Charge: Zé Dassilva |
Uma eleição subverte todas as matemáticas. Por isso é divertido ler que Eduardo Leite vai entrar na corrida presidencial, como possível surpresa da terceira via pelo PSD, para subtrair eleitores de João Doria, Ciro Gomes e Sergio Moro e assim chegar ao segundo turno.
Não há tantos eleitores para essa subtração. Tirar votos desses três, para afastar Bolsonaro do páreo e enfrentar Lula, seria brigar por pedaços de uma fatia de no máximo 20%. Que é a soma mais otimista das preferências pelos três nas pesquisas.
Se conseguisse tomar tudo o que Doria, Ciro e Moro têm até agora, mas tudo mesmo, Leite não chegaria perto de Bolsonaro, que oscila entre os 25% e os 30%.
Eduardo Leite só teria uma chance de prosperar e sonhar em tirar Bolsonaro do segundo turno. Precisaria brigar para buscar de volta partes dos votos da classe média que se jogou no colo de Bolsonaro como a gambiarra salvadora de 2018.
Uma classe média desamparada pela fragilização do PSDB, que João Doria jogou não conseguiu atrair com sua vacina e que agora está dispersa, mas está também, e muito, com Lula.
Leite vai ter que tirar nacos desses três e outros pedaços das preferências por Lula para almejar alguma coisa.
Consagrou-se que não há como querer tirar, em número relevante, eleitores de Bolsonaro, o candidato que tem a maior fidelização de uma base quase intocada.
Conseguir essa façanha de tirar votos de Ciro, Doria, Moro e Lula, sem mexer no lastro de Bolsonaro, é muito para quem aparecia nas pesquisas, antes das prévias do PSDB, com apenas 4%.
Eduardo Leite tem o desafio de ser o que Ciro, Doria e Moro não foram até agora e, pelo jeito, nunca serão. E ainda poderemos ter Simone Tebet nessa faixa.
O futuro ex-tucano apresenta-se com muitos problemas a resolver. Foi bolsonarista assumido em 2018, mesmo que às vezes tentasse dissimular.
E anunciou que, se perdesse nas prévias, trabalharia por Doria. Ficou marcado como bolsonarista oportunista e agora pode ter mais a marca de mau perdedor que divide o que resta dos tucanos.
Leite é o sobrinho fofo do mercado e dos empresários, por sua obsessão privatizante. Mas é também desnatado demais para passar ao eleitorado de centro e de direita a certeza de que seria a alternativa a Bolsonaro.

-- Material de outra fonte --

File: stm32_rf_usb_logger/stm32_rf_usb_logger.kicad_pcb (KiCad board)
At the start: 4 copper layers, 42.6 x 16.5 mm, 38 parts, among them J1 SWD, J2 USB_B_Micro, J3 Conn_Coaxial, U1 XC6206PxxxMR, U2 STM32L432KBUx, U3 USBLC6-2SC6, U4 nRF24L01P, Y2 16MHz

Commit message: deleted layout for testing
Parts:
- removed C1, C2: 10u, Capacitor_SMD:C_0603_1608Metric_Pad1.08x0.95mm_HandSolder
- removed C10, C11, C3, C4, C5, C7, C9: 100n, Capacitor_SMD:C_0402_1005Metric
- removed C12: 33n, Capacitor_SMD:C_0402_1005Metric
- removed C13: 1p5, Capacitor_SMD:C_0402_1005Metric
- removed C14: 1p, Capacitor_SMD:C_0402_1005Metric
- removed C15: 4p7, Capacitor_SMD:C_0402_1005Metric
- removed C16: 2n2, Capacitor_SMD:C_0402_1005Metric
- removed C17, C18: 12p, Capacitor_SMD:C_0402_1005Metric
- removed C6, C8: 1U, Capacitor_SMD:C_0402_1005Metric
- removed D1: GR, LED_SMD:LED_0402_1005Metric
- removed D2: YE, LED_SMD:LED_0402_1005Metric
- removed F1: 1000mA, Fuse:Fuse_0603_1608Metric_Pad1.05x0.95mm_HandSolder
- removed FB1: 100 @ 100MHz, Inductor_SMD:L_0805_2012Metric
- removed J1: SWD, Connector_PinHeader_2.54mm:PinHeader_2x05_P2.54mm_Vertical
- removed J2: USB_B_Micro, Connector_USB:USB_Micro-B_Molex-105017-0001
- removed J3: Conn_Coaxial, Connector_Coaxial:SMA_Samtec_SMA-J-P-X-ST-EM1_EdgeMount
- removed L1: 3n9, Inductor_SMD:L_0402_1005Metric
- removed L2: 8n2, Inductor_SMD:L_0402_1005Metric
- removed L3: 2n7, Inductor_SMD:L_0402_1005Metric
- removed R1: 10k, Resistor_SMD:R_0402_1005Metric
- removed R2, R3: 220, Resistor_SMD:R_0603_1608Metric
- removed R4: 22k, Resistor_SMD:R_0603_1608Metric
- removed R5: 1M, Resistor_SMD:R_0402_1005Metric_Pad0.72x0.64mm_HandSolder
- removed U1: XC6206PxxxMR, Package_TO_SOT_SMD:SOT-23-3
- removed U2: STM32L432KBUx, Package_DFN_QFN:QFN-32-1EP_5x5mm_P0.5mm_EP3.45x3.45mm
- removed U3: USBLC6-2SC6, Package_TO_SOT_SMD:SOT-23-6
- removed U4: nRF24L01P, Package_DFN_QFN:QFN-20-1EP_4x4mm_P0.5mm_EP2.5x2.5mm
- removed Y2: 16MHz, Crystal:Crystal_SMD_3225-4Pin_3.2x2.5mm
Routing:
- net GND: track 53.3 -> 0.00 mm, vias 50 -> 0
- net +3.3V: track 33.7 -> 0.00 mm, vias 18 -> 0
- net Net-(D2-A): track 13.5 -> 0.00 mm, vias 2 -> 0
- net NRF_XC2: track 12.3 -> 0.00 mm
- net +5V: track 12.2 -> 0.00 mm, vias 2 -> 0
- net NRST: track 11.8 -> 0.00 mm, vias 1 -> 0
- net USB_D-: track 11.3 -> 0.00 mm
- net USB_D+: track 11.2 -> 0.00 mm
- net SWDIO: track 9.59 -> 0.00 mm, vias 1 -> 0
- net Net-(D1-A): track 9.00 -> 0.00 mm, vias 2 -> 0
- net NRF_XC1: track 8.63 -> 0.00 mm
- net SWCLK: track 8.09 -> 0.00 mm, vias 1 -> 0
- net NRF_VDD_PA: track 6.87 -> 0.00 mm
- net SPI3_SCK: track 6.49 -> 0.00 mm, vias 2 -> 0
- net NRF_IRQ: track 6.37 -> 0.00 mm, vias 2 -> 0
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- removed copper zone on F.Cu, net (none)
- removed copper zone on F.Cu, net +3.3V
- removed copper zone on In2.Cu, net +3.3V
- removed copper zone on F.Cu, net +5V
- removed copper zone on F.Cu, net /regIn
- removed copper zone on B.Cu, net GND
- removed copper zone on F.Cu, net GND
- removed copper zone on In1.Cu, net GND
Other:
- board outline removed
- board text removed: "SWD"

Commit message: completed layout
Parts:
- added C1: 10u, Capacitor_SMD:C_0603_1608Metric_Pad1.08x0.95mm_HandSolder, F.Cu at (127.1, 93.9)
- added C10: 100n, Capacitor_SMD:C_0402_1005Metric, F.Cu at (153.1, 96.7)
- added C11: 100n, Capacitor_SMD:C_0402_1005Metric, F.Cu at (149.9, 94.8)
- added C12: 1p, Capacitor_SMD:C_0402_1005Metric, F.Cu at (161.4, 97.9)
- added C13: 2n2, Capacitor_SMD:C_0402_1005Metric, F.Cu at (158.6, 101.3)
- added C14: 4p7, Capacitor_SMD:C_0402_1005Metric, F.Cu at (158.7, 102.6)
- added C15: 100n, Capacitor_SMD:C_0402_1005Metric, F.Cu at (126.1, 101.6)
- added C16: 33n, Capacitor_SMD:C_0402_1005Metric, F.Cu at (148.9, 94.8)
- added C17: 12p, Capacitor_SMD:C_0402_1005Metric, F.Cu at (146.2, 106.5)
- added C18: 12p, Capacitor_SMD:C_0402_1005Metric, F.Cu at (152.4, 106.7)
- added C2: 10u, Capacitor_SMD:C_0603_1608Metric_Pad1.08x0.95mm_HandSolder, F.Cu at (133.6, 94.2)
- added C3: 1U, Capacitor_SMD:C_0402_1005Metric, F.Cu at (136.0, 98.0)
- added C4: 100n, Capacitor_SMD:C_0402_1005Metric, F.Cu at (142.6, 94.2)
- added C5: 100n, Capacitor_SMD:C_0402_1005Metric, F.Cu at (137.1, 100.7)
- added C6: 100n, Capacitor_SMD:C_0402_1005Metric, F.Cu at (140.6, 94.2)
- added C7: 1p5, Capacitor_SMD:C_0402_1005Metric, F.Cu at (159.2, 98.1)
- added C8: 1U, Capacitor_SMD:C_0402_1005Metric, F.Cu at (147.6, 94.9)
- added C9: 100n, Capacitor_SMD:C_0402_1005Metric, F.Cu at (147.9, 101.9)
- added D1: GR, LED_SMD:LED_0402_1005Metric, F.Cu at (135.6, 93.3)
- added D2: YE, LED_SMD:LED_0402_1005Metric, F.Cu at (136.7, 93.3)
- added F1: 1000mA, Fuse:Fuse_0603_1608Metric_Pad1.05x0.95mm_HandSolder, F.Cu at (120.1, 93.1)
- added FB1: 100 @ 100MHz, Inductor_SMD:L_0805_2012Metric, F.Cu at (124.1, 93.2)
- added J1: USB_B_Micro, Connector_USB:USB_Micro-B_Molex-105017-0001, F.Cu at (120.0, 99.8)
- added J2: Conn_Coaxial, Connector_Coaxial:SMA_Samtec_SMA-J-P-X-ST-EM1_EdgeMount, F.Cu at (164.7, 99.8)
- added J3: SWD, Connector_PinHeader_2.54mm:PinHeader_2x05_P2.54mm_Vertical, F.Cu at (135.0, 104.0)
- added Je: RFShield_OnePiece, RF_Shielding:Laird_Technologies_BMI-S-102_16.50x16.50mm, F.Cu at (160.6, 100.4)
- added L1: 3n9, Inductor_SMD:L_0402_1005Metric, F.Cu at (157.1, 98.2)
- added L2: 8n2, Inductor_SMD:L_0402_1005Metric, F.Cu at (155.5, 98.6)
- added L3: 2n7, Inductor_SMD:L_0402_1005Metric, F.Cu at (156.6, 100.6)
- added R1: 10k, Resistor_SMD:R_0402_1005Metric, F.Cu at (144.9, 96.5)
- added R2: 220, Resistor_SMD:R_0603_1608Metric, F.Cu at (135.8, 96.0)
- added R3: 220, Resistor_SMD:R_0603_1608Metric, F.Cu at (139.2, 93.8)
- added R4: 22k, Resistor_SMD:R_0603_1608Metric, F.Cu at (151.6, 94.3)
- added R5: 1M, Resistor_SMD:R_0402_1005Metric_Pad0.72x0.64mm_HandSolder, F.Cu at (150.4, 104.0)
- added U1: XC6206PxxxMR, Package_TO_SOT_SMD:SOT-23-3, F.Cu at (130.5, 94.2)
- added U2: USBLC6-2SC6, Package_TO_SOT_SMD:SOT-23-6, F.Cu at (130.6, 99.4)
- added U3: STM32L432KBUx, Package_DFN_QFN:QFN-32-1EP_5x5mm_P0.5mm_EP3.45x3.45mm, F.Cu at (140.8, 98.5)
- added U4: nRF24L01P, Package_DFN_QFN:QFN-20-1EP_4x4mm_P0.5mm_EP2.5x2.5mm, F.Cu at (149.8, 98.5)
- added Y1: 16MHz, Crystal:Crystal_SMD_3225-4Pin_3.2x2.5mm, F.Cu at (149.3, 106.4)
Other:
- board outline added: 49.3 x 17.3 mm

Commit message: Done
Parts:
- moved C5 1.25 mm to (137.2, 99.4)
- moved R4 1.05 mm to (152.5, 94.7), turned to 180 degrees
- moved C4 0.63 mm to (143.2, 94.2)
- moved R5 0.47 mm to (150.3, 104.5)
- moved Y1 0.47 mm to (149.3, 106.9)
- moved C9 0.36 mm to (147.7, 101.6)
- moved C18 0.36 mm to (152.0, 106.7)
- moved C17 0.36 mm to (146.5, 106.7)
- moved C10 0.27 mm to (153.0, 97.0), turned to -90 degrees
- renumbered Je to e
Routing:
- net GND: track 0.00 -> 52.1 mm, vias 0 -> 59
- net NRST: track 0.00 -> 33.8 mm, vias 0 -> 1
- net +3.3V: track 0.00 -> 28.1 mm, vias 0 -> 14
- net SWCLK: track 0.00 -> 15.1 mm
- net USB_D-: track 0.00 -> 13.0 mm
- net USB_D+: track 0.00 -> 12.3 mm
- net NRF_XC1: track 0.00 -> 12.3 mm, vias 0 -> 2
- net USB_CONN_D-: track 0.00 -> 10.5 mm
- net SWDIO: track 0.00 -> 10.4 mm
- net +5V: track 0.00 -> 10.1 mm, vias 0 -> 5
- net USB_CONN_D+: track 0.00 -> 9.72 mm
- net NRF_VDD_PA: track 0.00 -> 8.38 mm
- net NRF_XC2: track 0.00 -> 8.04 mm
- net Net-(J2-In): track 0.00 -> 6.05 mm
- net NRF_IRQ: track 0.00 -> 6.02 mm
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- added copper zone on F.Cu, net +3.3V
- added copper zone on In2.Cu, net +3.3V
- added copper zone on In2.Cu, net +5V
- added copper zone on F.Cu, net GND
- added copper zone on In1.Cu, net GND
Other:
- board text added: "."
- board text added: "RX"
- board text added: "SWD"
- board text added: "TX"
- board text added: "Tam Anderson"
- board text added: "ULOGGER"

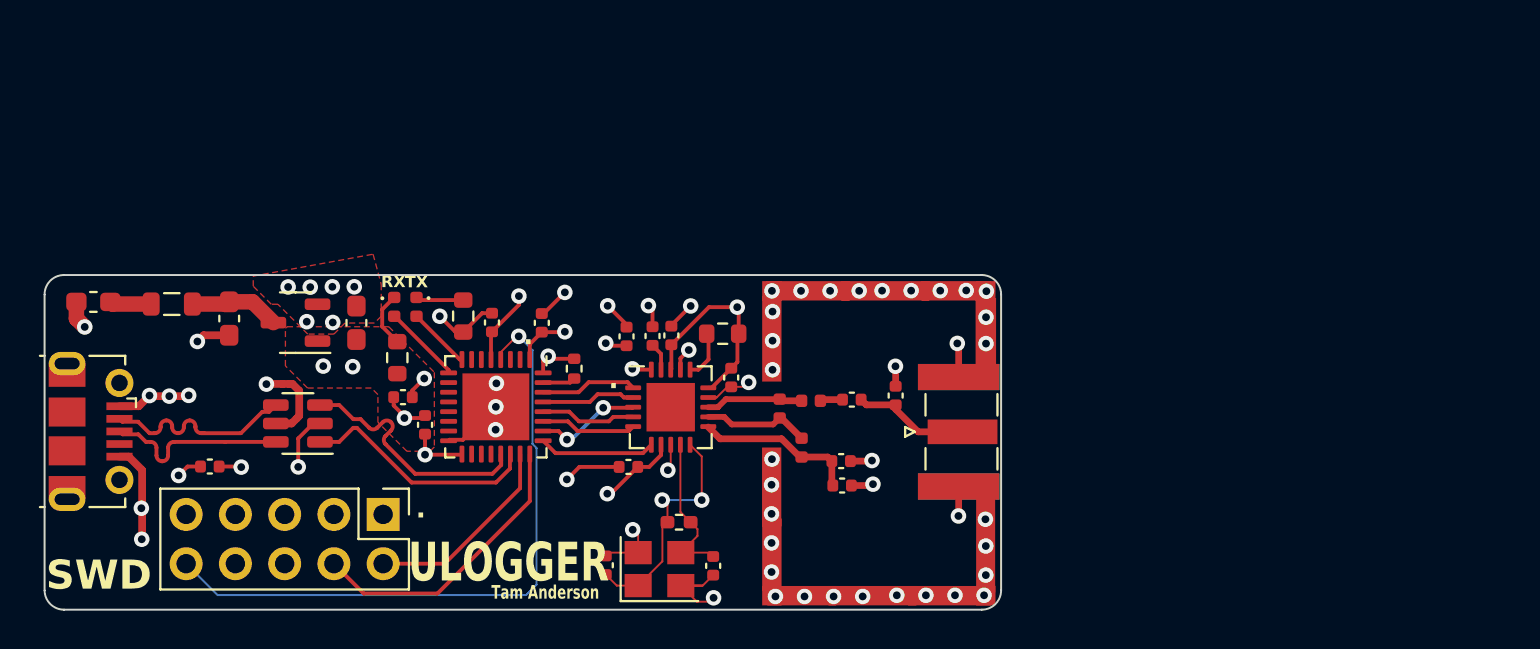
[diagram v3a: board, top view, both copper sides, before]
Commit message: optimised grounding
moved vias closer to pads
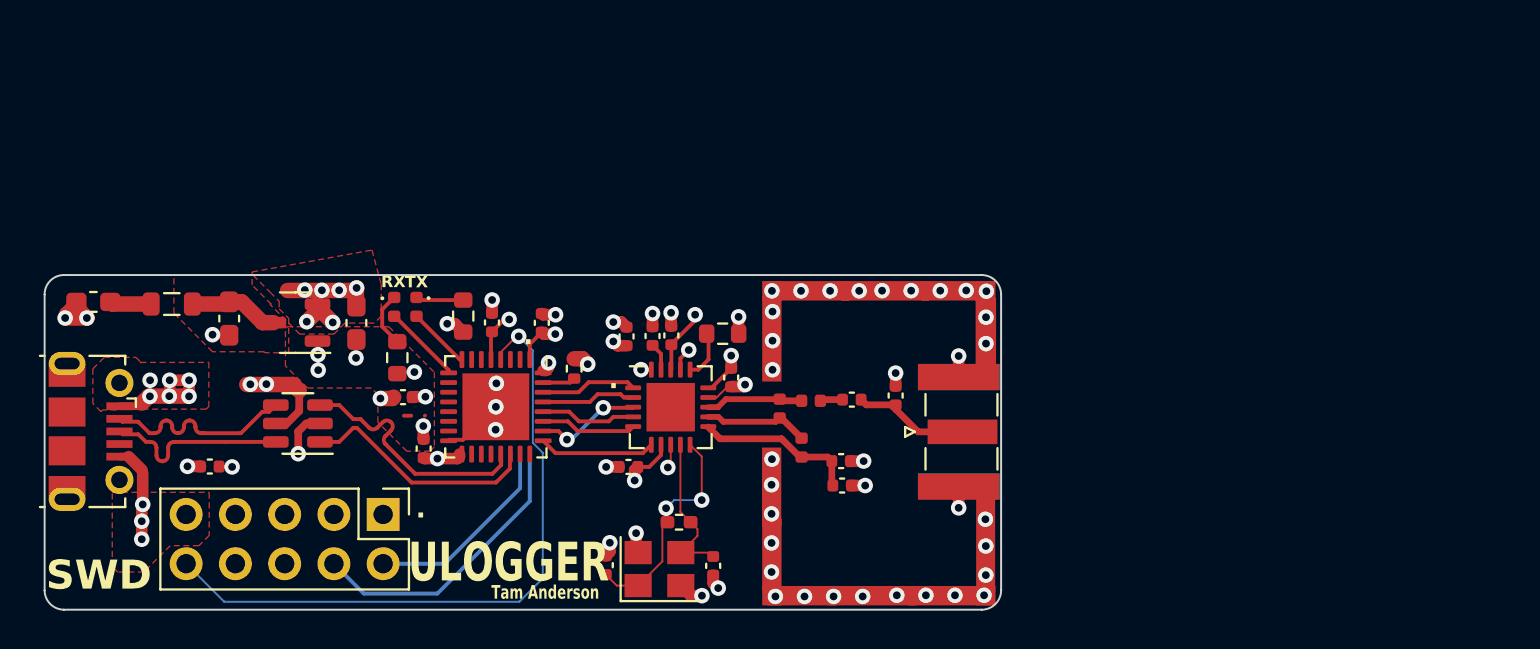
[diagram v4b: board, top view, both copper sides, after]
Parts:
- moved C5 1.22 mm to (137.1, 100.7)
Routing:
- net GND: track 52.1 -> 38.1 mm, vias 59 -> 67
- net +5V: track 10.1 -> 19.3 mm, vias 5 -> 10
- net +3.3V: track 28.1 -> 25.3 mm, vias 14 -> 16
- net NRST: track 33.8 -> 34.3 mm
- net NRF_XC1: track 12.3 -> 11.8 mm
- added copper zone on F.Cu, net +5V
- added copper zone on F.Cu, net /regIn
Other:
- board text added: "REV2"

O impasse pode ser assim resumido. O eleitorado de centro e da direita moderada é maioria nessa faixa conservadora e deseja mesmo outra coisa que não seja Bolsonaro.
Mas esse eleitorado com escrúpulos é vacilante, não tem convicções desde a morte do tucanismo. Já o eleitorado que sustenta Bolsonaro, que se identifica com tudo que o sujeito diz e faz, é fiel e não arreda pé.
A ‘racionalidade’ desse eleitorado fiel constrói na cabeça do bolsonarismo o cenário que irá repetir em 2022 o que aconteceu em 2018. Que Bolsonaro vai para o segundo turno, desta vez menos agressivo, e que depois é só comemorar.
Por isso Leite, no quadro atual, não tem futuro. Porque Bolsonaro ainda ilude um quarto da população com a ideia de que voltará a ser a enjambração anti-Lula e anti-PT.
Se Leite conseguisse reverter essa situação e, num milagre, ir para o segundo turno contra Lula, aí poderíamos ter outro cenário.
Mas antes ele precisa vencer Bolsonaro, enfrentando a matemática e também as milícias da extrema direita. Leite é jovem e pode estar mesmo se apresentando como projeto de longo prazo.
Se não der certo, volta daqui a quatro anos. Lula, Mitterrand e tantos outros tentaram pelo menos três vezes. O importante é estar na vitrine nacional.
Até porque o pior risco seria concorrer à reeleição no Estado e ser derrotado, como foram todos os governadores gaúchos que tentaram um segundo mandato.
Seria demais para o ego de quem diz, desde o tempo de vereador em Pelotas, que nasceu para ser presidente da República. Leite vem aí para convencer os desencantados de que é a terceira via desde criancinha.